© REUTERSGreece's finances look terrible. But Japan looks even worse. The country's sovereign debt load could climb to 246 percent of gross domestic product by 2014 and already, 25 percent of the country's annual budget goes to servicing its debt. Here, Shinzo Abe is applauded in parliament on Dec. 26th after being elected prime minister.
The eyes of the financial world are on Greece and other heavily indebted euro-zone countries. But Japan is in even worse shape. The country's debt load is immense and growing, to the point that a quarter of its budget goes to servicing it. The government in Tokyo has done little to change things.
Today's Tokyo has become a permanent mecca of consumption, its boroughs seemingly divided according to target markets. The city's Sugamo district, for example, is dominated by the elderly. Escalators in the subway station there go extra slow, while the stores along the Jizo Dori shopping street offer items such as canes, anti-aging cream and tea for sore joints. The Hurajuku neighborhood, on the other hand, is teeming with fashionistas made up to look like Manga characters.
This world of glitter, however, is but an illusion. For years, the world's third-largest economy has been unapologetically living on borrowed cash, more so than any other country in the world. In recent decades, Japanese governments have piled up debts worth some €11 trillion ($14.6 trillion). This corresponds to 230 percent of annual gross domestic product, a debt level that is far higher than Greece's 165 percent.
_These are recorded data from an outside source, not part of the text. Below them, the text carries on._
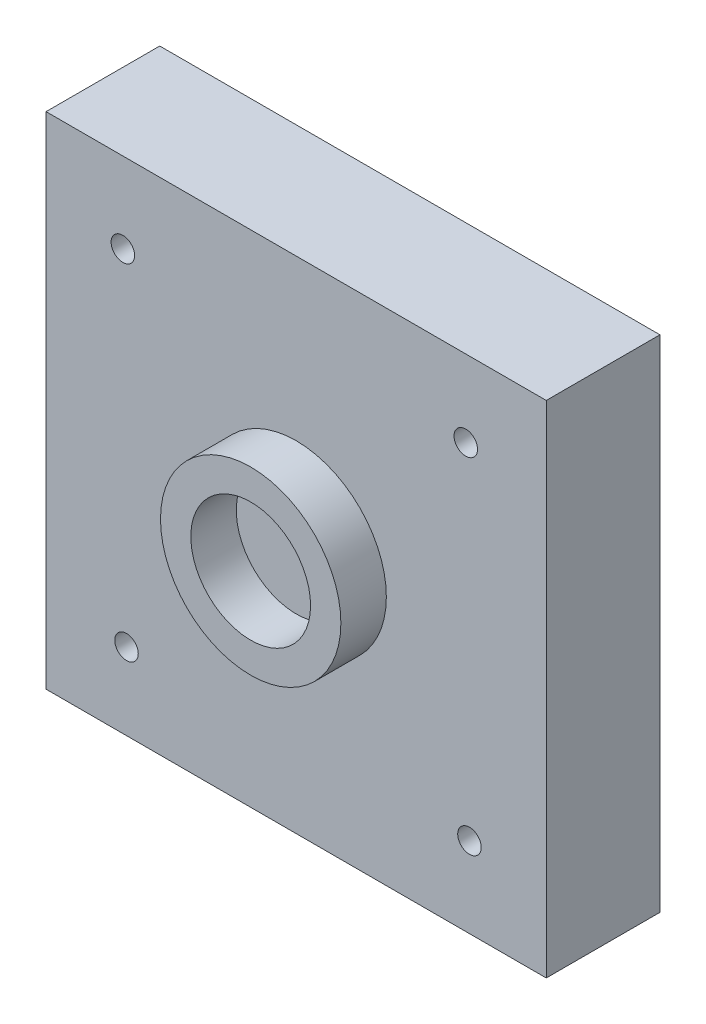
SolidWorks part; units mm, degrees
ref_plane "Front Plane" through (0, 0, 0) normal (0, 0, 1) x (1, 0, 0)
ref_plane "Top Plane" through (0, 0, 0) normal (0, 1, 0) x (1, 0, 0)
ref_plane "Right Plane" through (0, 0, 0) normal (1, 0, 0) x (0, 0, -1)
sketch "Sketch1" plane through (0, 0, 0) normal (0, 0, 1) x (1, 0, 0)
  line L0 (0, -42.5) -> (0, 0) construction
  line L1 (30, 30) -> (-30, 30)
  line L2 (30, 30) -> (30, -30)
  line L3 (30, -30) -> (-30, -30)
  line L4 (-30, 30) -> (-30, -30)
  circle A0 centre (0, 0) radius 65 construction
  dimension "D2" = 30
  dimension "D4" = 30
  dimension "D1" = 60
  dimension "D3" = 30
extrude "Extrude-Thin1" add sketch "Sketch1" along normal blind 15 thin thin type one direction wall 3
extrude "Boss-Extrude1" add sketch "Sketch1<2>" against normal blind 5 from surface starting at face at (0, 0, 15)
sketch "Sketch1<2>" plane through (0, 0, 0) normal (0, 0, 1) x (1, 0, 0) same geometry as "Sketch1"
sketch "Sketch2" plane through (0, 0, 15) normal (0, 0, 1) x (1, 0, 0)
  circle A0 centre (22.3843, 22.8679) radius 1.55
  circle A1 centre (22.8679, -22.3843) radius 1.55
  circle A2 centre (-22.3843, -22.8679) radius 1.55
  circle A3 centre (-22.8679, 22.3843) radius 1.55
  point P12 (0, 0)
  dimension "D2" = 3.1
  dimension "D1" = 32
  dimension "D3" = 4
extrude "Cut-Extrude1" cut sketch "Sketch2" against normal through all
extrude "Extrude-Thin2" add sketch "Sketch2<2>" against normal up to surface (15 mm away) thin thin type one direction wall 2
sketch "Sketch2<2>" plane through (0, 0, 15) normal (0, 0, 1) x (1, 0, 0) same geometry as "Sketch2"
sketch "Sketch3" plane through (0, 0, 15) normal (0, 0, 1) x (1, 0, 0)
  circle A0 centre (0, 0) radius 7.9
  circle A1 centre (0, 0) radius 11.9
  dimension "D1" = 4
  dimension "D2" = 15.8
extrude "Boss-Extrude2" add sketch "Sketch3" along normal blind 6

Such profligate spending has turned Japan into a ticking time bomb -- and an example that Europe can learn from as it seeks to tackle its own sovereign debt crisis. Japan, the postwar economic miracle, has never managed to recover from the stock market crash and real estate crisis that convulsed the country in the 1990s. The government had to bail out banks; insurance companies went bust. Since then, annual growth rates have often been paltry and tax revenues don't even cover half of government expenditures. Indeed, the country has gotten trapped in an inescapable spiral of deficit spending.
The fact that this tragedy has been playing out in relative obscurity can be attributed to a bizarre phenomenon: In contrast to the debt-ridden economies in the euro zone, Japan continues to pay hardly any interest on what it borrows. While Greece has recently had to cough up interest at double-digit rates, for example, the comparable figure for Japan has been a mere 0.75 percent. Even Germany, the euro zone's healthiest economy, has to pay more.